# 2011-2012 pics



## Sask hunter (Sep 11, 2008)

Here is some of the coyotes I got this year. The bottom picture was taken in early January before I sent these 6 to NAFA. It has been a funny year this year. My call in average is about the same as usual (1:3 or 1:4) but I have called in mainly singles this year. Oh well less get educated that way. I also included a picture of my first double of the year.


----------



## bearhunter (Jan 30, 2009)

nice looking coyotes :thumb:


----------



## saskcoyote (Dec 30, 2006)

Yo, Sask hunter: Nice lookin' dogs. Glad to see you're stackin' 'em up. Looks like you're doing a good job on the stretchers. They'll fetch a good buck this year with prices hovering around the $70-$80 mark.

What about you, Bearhunter? How's your season going with that 17-204? The more I check it out, the more I'm finding guys who are getting into them. I've whacked dogs this season with the .17 and the .204 so a combination of both would be a hoot.

I used to know a guy named Kdog, fellow had a Big V, if I recall. I -- and I'm sure a lot of guys who drop in here once in a while -- would be interested to see how a full season has worked out with the V. Gosh, I hope a coyote didn't get him because he got into a tight spot shooting a .204 that just isn't big enough for 'yote hunting.

Would like to hear some good stories from all the guys because I don't have any good ones to tell you.

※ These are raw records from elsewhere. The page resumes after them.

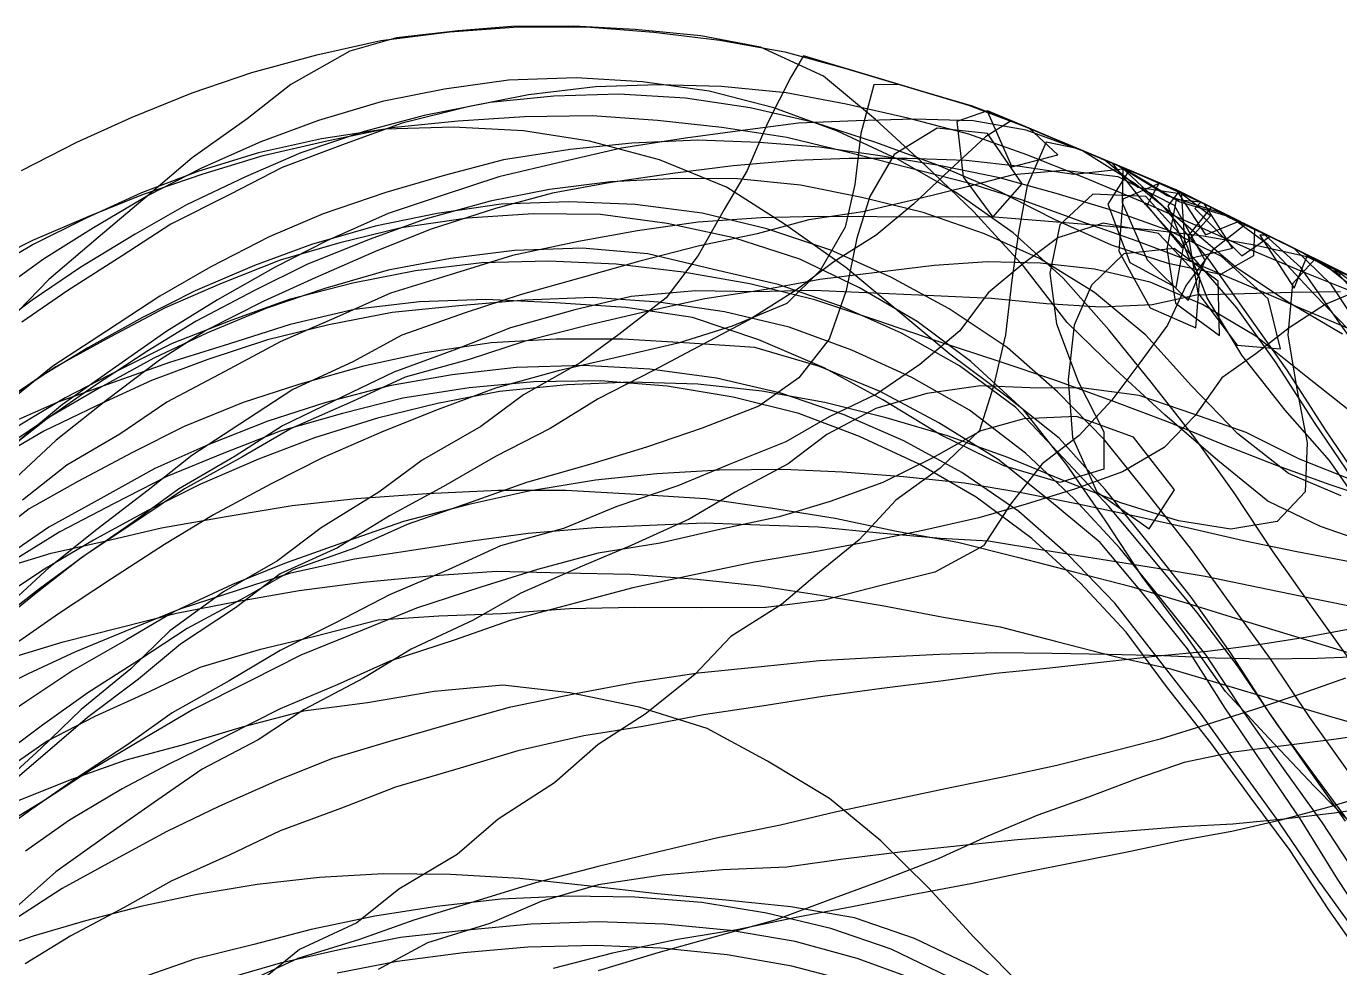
# Model space of a CAD drawing. Header units: metres. Extents: x -15 to 14.9, y 25.7 to 34.3.
# Drawn here: x -11.228 to -7.491, y 31.635 to 34.314 of the extents above; entities that cross this region are included whole.
import ezdxf

# ---------------------------------------------------------------- set-up
doc = ezdxf.new("R2010")
doc.units = ezdxf.units.M
doc.header["$MEASUREMENT"] = 0
doc.layers.add('Layer 01', color=12, linetype='Continuous', true_color=0xc80000)
doc.layers.add('Layer 02', color=192, linetype='Continuous', true_color=0x7d26cd)

msp = doc.modelspace()

# ---------------------------------------------------------------- linework, layer by layer
at = {"layer": 'Layer 01'}
for points in [[(-11.2416, 33.9035, 4.652), (-11.0846, 33.9838, 4.7477), (-10.9272, 34.0553, 4.8329), (-10.7567, 34.1245, 4.9153), (-10.5861, 34.1822, 4.9841), (-10.4011, 34.2328, 5.0444), (-10.219, 34.2735, 5.093), (-10.0233, 34.2981, 5.1223), (-9.8281, 34.3122, 5.1407), (-9.6354, 34.3123, 5.1427), (-9.4431, 34.2975, 5.1253), (-9.2552, 34.2748, 5.0972), (-9.0698, 34.2416, 5.0557), (-8.8969, 34.1939, 4.9981), (-8.7222, 34.1416, 4.9358), (-8.5473, 34.0893, 4.8734), (-8.3873, 34.0287, 4.8012), (-8.2257, 33.961, 4.7205), (-8.0641, 33.8933, 4.6398), (-7.9092, 33.8247, 4.5581), (-7.7566, 33.7488, 4.4677), (-7.604, 33.673, 4.3773), (-7.4514, 33.5972, 4.2869)], [(-11.3542, 33.6325, 4.734), (-11.2099, 33.705, 4.8397), (-11.0521, 33.7728, 4.9385), (-10.8946, 33.8364, 5.0299), (-10.7252, 33.8944, 5.1128), (-10.5545, 33.9465, 5.1859), (-10.3727, 33.9883, 5.2444), (-10.1893, 34.0256, 5.295), (-9.9999, 34.0451, 5.3216), (-9.8109, 34.0573, 5.3365), (-9.6181, 34.0596, 5.3368), (-9.4321, 34.0464, 5.3159), (-9.2494, 34.0271, 5.2852), (-9.0641, 33.998, 5.2405), (-8.8969, 33.9573, 5.1796), (-8.7223, 33.9127, 5.1115), (-8.5474, 33.8687, 5.0427), (-8.3918, 33.8187, 4.9661), (-8.2303, 33.7606, 4.8781), (-8.0687, 33.7029, 4.7897), (-7.9161, 33.6459, 4.702), (-7.7636, 33.5806, 4.6036), (-7.6111, 33.5156, 4.505), (-7.4585, 33.4508, 4.4062)], [(-11.3143, 32.767, 5.3267), (-11.1575, 32.8141, 5.4575), (-11.0009, 32.8493, 5.5639), (-10.8438, 32.8865, 5.6696), (-10.6596, 32.9191, 5.7649), (-10.4716, 32.9506, 5.8532), (-10.2901, 32.9696, 5.9144), (-10.0889, 32.9847, 5.9647), (-9.8858, 32.9934, 5.9986), (-9.6934, 32.994, 6.0001), (-9.4922, 32.9828, 5.9889), (-9.2955, 32.9705, 5.9595), (-9.1104, 32.9438, 5.9136), (-8.9269, 32.9144, 5.8473), (-8.7523, 32.8768, 5.7753), (-8.5774, 32.8455, 5.6999), (-8.408, 32.8028, 5.6154), (-8.2465, 32.761, 5.5185), (-8.0849, 32.7201, 5.4212), (-7.925, 32.6722, 5.3244), (-7.7724, 32.625, 5.2161), (-7.6198, 32.5785, 5.1074), (-7.4673, 32.5322, 4.9987)], [(-11.3653, 32.4005, 5.4538), (-11.222, 32.4719, 5.5617), (-11.0868, 32.5348, 5.6503), (-10.9305, 32.599, 5.7432), (-10.7908, 32.6558, 5.8191), (-10.6214, 32.7108, 5.8928), (-10.4758, 32.7586, 5.9501), (-10.2948, 32.7986, 6.0016), (-10.1436, 32.8211, 6.0391), (-9.9544, 32.8505, 6.0609), (-9.8004, 32.871, 6.0632), (-9.6083, 32.8876, 6.0563), (-9.455, 32.8945, 6.0287), (-9.2991, 32.9005, 5.9971), (-9.1148, 32.8944, 5.9407), (-8.9745, 32.8899, 5.885), (-8.8012, 32.8728, 5.803), (-8.6276, 32.857, 5.7202), (-8.4908, 32.8493, 5.6519), (-8.3306, 32.8228, 5.5481), (-8.1703, 32.7972, 5.4438), (-8.01, 32.7718, 5.3393), (-7.8744, 32.7492, 5.2402), (-7.723, 32.718, 5.1247), (-7.5717, 32.6868, 5.0091), (-7.4204, 32.6559, 4.8935)], [(-11.2758, 32.5158, 5.4919), (-11.1229, 32.5622, 5.6114), (-10.9655, 32.6024, 5.7151), (-10.8005, 32.6435, 5.8187), (-10.63, 32.6765, 5.902), (-10.4516, 32.7082, 5.98), (-10.2696, 32.7322, 6.0385), (-10.0806, 32.7501, 6.0808), (-9.8907, 32.7633, 6.1107), (-9.6987, 32.7587, 6.1143), (-9.5105, 32.7548, 6.1024), (-9.3198, 32.7401, 6.0784), (-9.1398, 32.7218, 6.0306), (-8.9677, 32.6947, 5.9749), (-8.7932, 32.666, 5.8989), (-8.6183, 32.6328, 5.8246), (-8.4573, 32.6052, 5.7477), (-8.296, 32.5629, 5.6515), (-8.1343, 32.521, 5.555), (-7.9727, 32.4854, 5.4558), (-7.8259, 32.4418, 5.3532), (-7.6734, 32.396, 5.2446), (-7.5208, 32.3509, 5.1358), (-7.3683, 32.3067, 5.0265)]]:
    msp.add_polyline3d(points, dxfattribs=at)
at = {"layer": 'Layer 02'}
for points in [[(-7.3956, 32.8378, 4.77), (-7.5458, 32.8905, 4.874), (-7.6956, 32.9621, 4.9657), (-7.8384, 33.0781, 5.0225), (-7.9887, 33.2077, 5.073), (-8.1293, 33.3375, 5.0989), (-8.2669, 33.471, 5.1201), (-8.39, 33.6305, 5.109), (-8.5328, 33.7855, 5.098), (-8.6708, 33.9186, 5.0768), (-8.8119, 34.0485, 5.0598), (-8.96, 34.1718, 5.0521), (-9.1392, 34.2548, 5.0707), (-9.3094, 34.2862, 5.1081), (-9.496, 34.3044, 5.1297), (-9.6707, 34.3139, 5.1411), (-9.8477, 34.3129, 5.14), (-9.9994, 34.3008, 5.1255), (-10.1748, 34.2812, 5.1021), (-10.308, 34.2433, 5.0772), (-10.4756, 34.1477, 5.0771), (-10.5999, 34.0505, 5.076), (-10.7566, 33.9396, 5.0573), (-10.8787, 33.8348, 5.0453), (-11.024, 33.7129, 5.0096), (-11.1644, 33.593, 4.9764), (-11.2804, 33.4726, 4.9392)], [(-7.41, 32.9201, 4.7308), (-7.5201, 33.0784, 4.7308), (-7.6463, 33.2213, 4.7553), (-7.7699, 33.3777, 4.7654), (-7.8682, 33.541, 4.7358), (-7.9323, 33.7056, 4.672), (-7.9414, 33.8407, 4.5772), (-7.8831, 33.8117, 4.5426), (-7.8183, 33.7795, 4.5043), (-7.9827, 33.8311, 4.6208), (-8.1288, 33.9204, 4.6721), (-8.2155, 33.9567, 4.7154), (-8.1996, 33.9501, 4.7075), (-8.0504, 33.8875, 4.633), (-8.0586, 33.891, 4.6371), (-8.2168, 33.9573, 4.7161), (-8.3574, 34.0162, 4.7863), (-8.443, 34.0521, 4.8291), (-8.441, 34.0512, 4.828), (-8.2971, 33.9909, 4.7562), (-8.2338, 33.9644, 4.7246), (-8.3748, 34.0235, 4.795), (-8.556, 34.0919, 4.8765), (-8.6945, 34.1333, 4.9259), (-8.8141, 34.1691, 4.9686), (-8.9217, 34.2013, 5.007), (-9.0169, 34.2298, 5.0409), (-9.0529, 34.1693, 5.1051), (-9.1197, 34.0383, 5.2298), (-9.1775, 33.903, 5.3544), (-9.2424, 33.7922, 5.4601), (-9.3165, 33.662, 5.5682), (-9.4073, 33.5408, 5.6612), (-9.5421, 33.4365, 5.751), (-9.6521, 33.3557, 5.8122), (-9.8132, 33.2652, 5.8578), (-9.9349, 33.1746, 5.896), (-10.1017, 33.0793, 5.913), (-10.2253, 32.9884, 5.93), (-10.3889, 32.887, 5.9187), (-10.513, 32.793, 5.9175), (-10.6668, 32.7041, 5.8697), (-10.8195, 32.5935, 5.8286), (-10.9304, 32.4858, 5.7902), (-11.072, 32.3693, 5.7301), (-11.1858, 32.2599, 5.6843), (-11.3166, 32.1399, 5.6085)], [(-7.458, 32.5045, 5.005), (-7.5699, 32.6607, 5.0212), (-7.6803, 32.8181, 5.0354), (-7.7913, 32.9859, 5.0382), (-7.9034, 33.1425, 5.041), (-8.0277, 33.3009, 5.0438), (-8.1479, 33.4504, 5.0413), (-8.2786, 33.5971, 5.0431), (-8.4204, 33.7259, 5.0607), (-8.5841, 33.8415, 5.0851), (-8.7494, 33.9354, 5.11), (-8.9202, 34.0158, 5.1485), (-9.1012, 34.0819, 5.1896), (-9.2853, 34.1288, 5.2201), (-9.4752, 34.156, 5.2398), (-9.6636, 34.167, 5.2539), (-9.8559, 34.1605, 5.2568), (-10.0384, 34.1351, 5.2441), (-10.2158, 34.0999, 5.2275), (-10.3964, 34.0453, 5.1903), (-10.5606, 33.9851, 5.1523), (-10.7294, 33.9097, 5.0983), (-10.8811, 33.8319, 5.0454), (-11.0366, 33.7406, 4.9771), (-11.1795, 33.6513, 4.9149), (-11.3216, 33.5484, 4.835)], [(-7.4053, 33.5099, 4.309), (-7.5133, 33.6279, 4.3236), (-7.6221, 33.682, 4.388), (-7.7221, 33.7317, 4.4473), (-7.7885, 33.7647, 4.4866), (-7.7921, 33.7665, 4.4888), (-7.7343, 33.7378, 4.4545), (-7.7365, 33.661, 4.5156), (-7.8302, 33.6077, 4.6476), (-7.9798, 33.6387, 4.766), (-8.1411, 33.6906, 4.8586), (-8.3025, 33.7639, 4.9348), (-8.4631, 33.8452, 5.0042), (-8.638, 33.9191, 5.0571), (-8.8116, 33.9834, 5.1096), (-8.9864, 34.0405, 5.1682), (-9.1686, 34.0817, 5.2141), (-9.3524, 34.1096, 5.2528), (-9.5425, 34.1207, 5.2792), (-9.7272, 34.1147, 5.2933), (-9.9081, 34.0974, 5.3016), (-10.0961, 34.0604, 5.2888), (-10.2668, 34.0142, 5.271), (-10.4468, 33.9536, 5.2386), (-10.6042, 33.8854, 5.1999), (-10.7725, 33.8057, 5.1495), (-10.9182, 33.7225, 5.0963), (-11.0731, 33.628, 5.0309), (-11.211, 33.5348, 4.969), (-11.3527, 33.4294, 4.8916)], [(-7.4088, 33.4179, 4.383), (-7.5149, 33.5777, 4.3637), (-7.6208, 33.6814, 4.3873), (-7.7265, 33.7339, 4.4499), (-7.8187, 33.7797, 4.5045), (-7.8673, 33.8039, 4.5333), (-7.8359, 33.7883, 4.5147), (-7.7816, 33.7613, 4.4825), (-7.818, 33.7757, 4.5069), (-7.9482, 33.8144, 4.604), (-8.1124, 33.9132, 4.6642), (-8.2608, 33.9757, 4.7381), (-8.4016, 34.0347, 4.8084), (-8.5366, 34.0861, 4.8696), (-8.6496, 34.1199, 4.9099), (-8.7445, 34.1483, 4.9437), (-8.8171, 34.1473, 4.9871), (-8.8541, 34.0085, 5.1153), (-8.8712, 33.8637, 5.2364), (-8.8982, 33.7424, 5.3453), (-8.9697, 33.6192, 5.4632), (-9.0646, 33.5249, 5.57), (-9.22, 33.4606, 5.6637), (-9.3737, 33.4122, 5.7373), (-9.5529, 33.3704, 5.795), (-9.7149, 33.3338, 5.823), (-9.8934, 33.2841, 5.8472), (-10.0567, 33.2236, 5.8467), (-10.2108, 33.1616, 5.8455), (-10.3854, 33.086, 5.8164), (-10.5316, 33.0115, 5.7927), (-10.6952, 32.9233, 5.7417), (-10.8348, 32.8392, 5.7014), (-10.9856, 32.7412, 5.6323), (-11.1363, 32.6419, 5.564), (-11.259, 32.5568, 5.491)], [(-7.4427, 33.5532, 4.3122), (-7.5946, 33.6146, 4.413), (-7.7469, 33.6788, 4.512), (-7.8994, 33.7474, 4.6079), (-8.0582, 33.8163, 4.6941), (-8.2198, 33.8832, 4.7754), (-8.3815, 33.9482, 4.8582), (-8.5463, 34.0067, 4.9362), (-8.7205, 34.0527, 5.003), (-8.8951, 34.0925, 5.0748), (-9.0661, 34.1243, 5.1443), (-9.2504, 34.1422, 5.1972), (-9.4307, 34.1468, 5.2386), (-9.6088, 34.1416, 5.274), (-9.7989, 34.1186, 5.2896), (-9.9719, 34.0849, 5.2972), (-10.1588, 34.0383, 5.292), (-10.3211, 33.9798, 5.2736), (-10.4999, 33.9123, 5.247), (-10.6495, 33.8352, 5.2083), (-10.8167, 33.7503, 5.1627), (-10.9556, 33.6605, 5.1105), (-11.1097, 33.5618, 5.0492), (-11.2412, 33.4721, 4.982)], [(-7.4239, 33.0059, 4.6888), (-7.5319, 33.1656, 4.6861), (-7.6408, 33.335, 4.6725), (-7.7523, 33.4917, 4.6608), (-7.8631, 33.6489, 4.6481), (-7.9952, 33.8037, 4.652), (-8.1122, 33.9134, 4.6638), (-8.2288, 33.9623, 4.7221), (-8.3401, 34.0089, 4.7777), (-8.426, 34.0449, 4.8205), (-8.4691, 34.063, 4.8421), (-8.4932, 34.0703, 4.8562), (-8.4247, 33.9136, 4.9203), (-8.2929, 33.9479, 4.7857), (-8.3748, 34.0235, 4.795), (-8.4932, 34.0731, 4.8541), (-8.581, 34.0426, 4.929), (-8.5626, 33.8851, 5.039), (-8.4784, 33.7703, 5.0742), (-8.3946, 33.8657, 4.9322), (-8.4932, 34.0089, 4.9033), (-8.6362, 34.0235, 4.976), (-8.759, 33.9494, 5.1049), (-8.8283, 33.8291, 5.2378), (-8.8652, 33.7108, 5.3472), (-8.8959, 33.5616, 5.4592), (-8.9436, 33.4239, 5.5732), (-9.0299, 33.313, 5.6914), (-9.1438, 33.2324, 5.7742), (-9.3054, 33.1703, 5.8587), (-9.4633, 33.116, 5.9147), (-9.6218, 33.0682, 5.9622), (-9.8053, 33.0157, 5.9877), (-9.9624, 32.9598, 6.0025), (-10.1444, 32.8964, 5.9998), (-10.2943, 32.8286, 5.9861), (-10.469, 32.767, 5.9491), (-10.6084, 32.6877, 5.9097), (-10.7709, 32.6001, 5.8535), (-10.9033, 32.5131, 5.7995), (-11.0531, 32.4171, 5.7248), (-11.182, 32.3249, 5.661), (-11.3192, 32.2229, 5.5715)], [(-7.3801, 33.3135, 4.4352), (-7.4921, 33.4701, 4.424), (-7.6023, 33.6278, 4.4103), (-7.712, 33.7267, 4.4413), (-7.8209, 33.7808, 4.5058), (-7.9149, 33.8275, 4.5615), (-7.9566, 33.8483, 4.5862), (-7.9225, 33.8313, 4.5659), (-7.819, 33.7799, 4.5047), (-7.8734, 33.8069, 4.5369), (-8.0284, 33.8783, 4.622), (-8.1805, 33.9421, 4.698), (-8.3135, 33.9978, 4.7644), (-8.4259, 34.0449, 4.8205), (-8.4994, 33.9995, 4.9142), (-8.6013, 33.904, 5.0473), (-8.7033, 33.8084, 5.1804), (-8.8101, 33.7191, 5.3115), (-8.9305, 33.6438, 5.4259), (-9.0378, 33.5625, 5.5369), (-9.1711, 33.4785, 5.6357), (-9.3165, 33.4017, 5.7341), (-9.4439, 33.3343, 5.7979), (-9.6012, 33.254, 5.8656), (-9.7378, 33.1695, 5.9083), (-9.8934, 33.0894, 5.9486), (-10.0413, 33.0038, 5.9641), (-10.1944, 32.9204, 5.9775), (-10.3431, 32.8295, 5.9665), (-10.5057, 32.7556, 5.94), (-10.6326, 32.6589, 5.9078), (-10.7891, 32.5559, 5.8615), (-10.9087, 32.4559, 5.8192), (-11.0537, 32.3467, 5.7535), (-11.174, 32.2439, 5.7023), (-11.3074, 32.1305, 5.6212)], [(-7.4839, 33.4377, 4.441), (-7.6356, 33.527, 4.5201), (-7.7852, 33.6267, 4.5893), (-7.928, 33.7479, 4.6353), (-8.0738, 33.8657, 4.669), (-8.2229, 33.959, 4.7198), (-8.3835, 34.0184, 4.806), (-8.5347, 34.0445, 4.9004), (-8.7021, 34.0493, 4.9948), (-8.8671, 34.0451, 5.0948), (-9.0311, 34.0385, 5.1961), (-9.1901, 34.0175, 5.2711), (-9.3525, 33.9955, 5.3403), (-9.5348, 33.9669, 5.3958), (-9.6984, 33.9289, 5.4362), (-9.8837, 33.8855, 5.4676), (-10.0426, 33.8334, 5.4747), (-10.1984, 33.7809, 5.4752), (-10.3731, 33.7037, 5.4524), (-10.5204, 33.6282, 5.4367), (-10.6837, 33.5355, 5.3939), (-10.8286, 33.4466, 5.3602), (-10.9747, 33.3436, 5.3034), (-11.1251, 33.2376, 5.245), (-11.249, 33.1338, 5.1893)], [(-7.4746, 32.0516, 5.2211), (-7.5851, 32.2071, 5.2491), (-7.6938, 32.3642, 5.2749), (-7.8028, 32.5327, 5.2907), (-7.914, 32.6892, 5.306), (-8.0382, 32.8469, 5.3209), (-8.1585, 32.9959, 5.3316), (-8.2894, 33.1417, 5.3472), (-8.4361, 33.2589, 5.3859), (-8.6006, 33.3805, 5.4117), (-8.749, 33.5039, 5.4149), (-8.8969, 33.6278, 5.4176), (-9.071, 33.7504, 5.4285), (-9.2359, 33.8564, 5.4113), (-9.4262, 33.9335, 5.4015), (-9.626, 33.9865, 5.3928), (-9.8139, 34.0165, 5.3677), (-10.0129, 34.0267, 5.3329), (-10.2073, 34.0206, 5.2922), (-10.388, 33.9931, 5.2341), (-10.5671, 33.954, 5.1718), (-10.7375, 33.9013, 5.0994), (-10.9005, 33.8398, 5.0221), (-11.0579, 33.7682, 4.9369), (-11.2083, 33.6925, 4.8511), (-11.3524, 33.6072, 4.7555)], [(-7.4313, 33.5872, 4.275), (-7.5825, 33.6623, 4.3646), (-7.6972, 33.7194, 4.4326), (-7.719, 33.7197, 4.4535), (-7.6207, 33.5682, 4.474), (-7.5831, 33.6626, 4.365), (-7.722, 33.7317, 4.4472), (-7.8572, 33.7989, 4.5273), (-7.9222, 33.7172, 4.6532), (-7.895, 33.5549, 4.7513), (-7.783, 33.4061, 4.7564), (-7.66, 33.3964, 4.6441), (-7.6953, 33.5384, 4.5694), (-7.8279, 33.6585, 4.6064), (-7.9761, 33.7321, 4.6914), (-8.1375, 33.7897, 4.7797), (-8.2984, 33.8376, 4.8749), (-8.4589, 33.8828, 4.972), (-8.6258, 33.9164, 5.0521), (-8.799, 33.9449, 5.1317), (-8.9718, 33.97, 5.2138), (-9.1433, 33.9832, 5.2805), (-9.318, 33.9894, 5.3387), (-9.5058, 33.9816, 5.3792), (-9.681, 33.9629, 5.4103), (-9.8704, 33.9338, 5.4307), (-10.0396, 33.8896, 5.4322), (-10.2052, 33.841, 5.4308), (-10.3833, 33.7806, 5.3992), (-10.5376, 33.7143, 5.3712), (-10.7032, 33.629, 5.3222), (-10.8479, 33.5455, 5.281), (-11.0002, 33.4467, 5.2164), (-11.1523, 33.3462, 5.153), (-11.2782, 33.2448, 5.0879)], [(-7.4315, 33.4151, 4.4073), (-7.565, 33.5523, 4.432), (-7.6961, 33.6925, 4.4521), (-7.8054, 33.7731, 4.4966), (-7.926, 33.8331, 4.5681), (-8.0337, 33.8806, 4.6247), (-8.1286, 33.9203, 4.672), (-8.1583, 33.9327, 4.6869), (-8.0658, 33.8561, 4.6698), (-7.9464, 33.8376, 4.5844), (-7.9517, 33.8458, 4.5832), (-8.0973, 33.9072, 4.6564), (-8.2389, 33.9665, 4.7271), (-8.3266, 33.984, 4.7858), (-8.3805, 33.8609, 4.9244), (-8.406, 33.7209, 5.0528), (-8.4238, 33.5909, 5.1648), (-8.4423, 33.4357, 5.2779), (-8.4762, 33.2896, 5.3972), (-8.516, 33.1632, 5.5023), (-8.628, 33.0562, 5.6167), (-8.754, 32.9654, 5.73), (-8.859, 32.852, 5.8441), (-8.9719, 32.7604, 5.9498), (-9.0794, 32.6681, 6.0341), (-9.2238, 32.5773, 6.1166), (-9.3265, 32.469, 6.1917), (-9.4674, 32.3566, 6.2606), (-9.6012, 32.2704, 6.315), (-9.7254, 32.1613, 6.3483), (-9.8852, 32.0578, 6.3795), (-10.0025, 31.9572, 6.3912), (-10.1683, 31.8583, 6.3922), (-10.288, 31.7628, 6.3834), (-10.4509, 31.6871, 6.3467), (-10.5686, 31.5909, 6.3147)], [(-7.4552, 33.027, 4.7041), (-7.5631, 33.1868, 4.7011), (-7.6724, 33.3557, 4.6873), (-7.784, 33.5123, 4.676), (-7.9093, 33.6569, 4.687), (-8.0442, 33.8065, 4.6901), (-8.1382, 33.9243, 4.6769), (-8.1706, 33.9379, 4.693), (-8.099, 33.9079, 4.6573), (-8.1174, 33.9062, 4.6737), (-8.2477, 33.8918, 4.7917), (-8.4018, 33.9152, 4.9002), (-8.5545, 33.9321, 4.9983), (-8.7221, 33.9379, 5.092), (-8.8884, 33.9376, 5.1898), (-9.0406, 33.9316, 5.283), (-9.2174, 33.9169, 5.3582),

Good luck, shoot straight. Saskcoyote.


----------



## bearhunter (Jan 30, 2009)

saskcoyote. this year has been TOUGH!!. not even comparable to the last 3. been hearing the same thing from all over. 
no complaints about the "Rice Burner". only troubles have been with "up the pooper" shots. straight on and broadside have been SPECTACULAR :thumb: have only shot about 40 with it but have only had 1 bad exit. (high throght shot,came out back of neck).
i at one time also figgered the .17's were PD guns. with the new (great) bullets out now,things have changes  
no more sewing fur (unless i go out hunting with?? :roll: ) i swear to GOD he shoots em with a RPG oke: i would not be afaid of shooting a straight up 17 rem with a good bullet.
if your thinking 17-204, pm me and i'll send you my smith's #


----------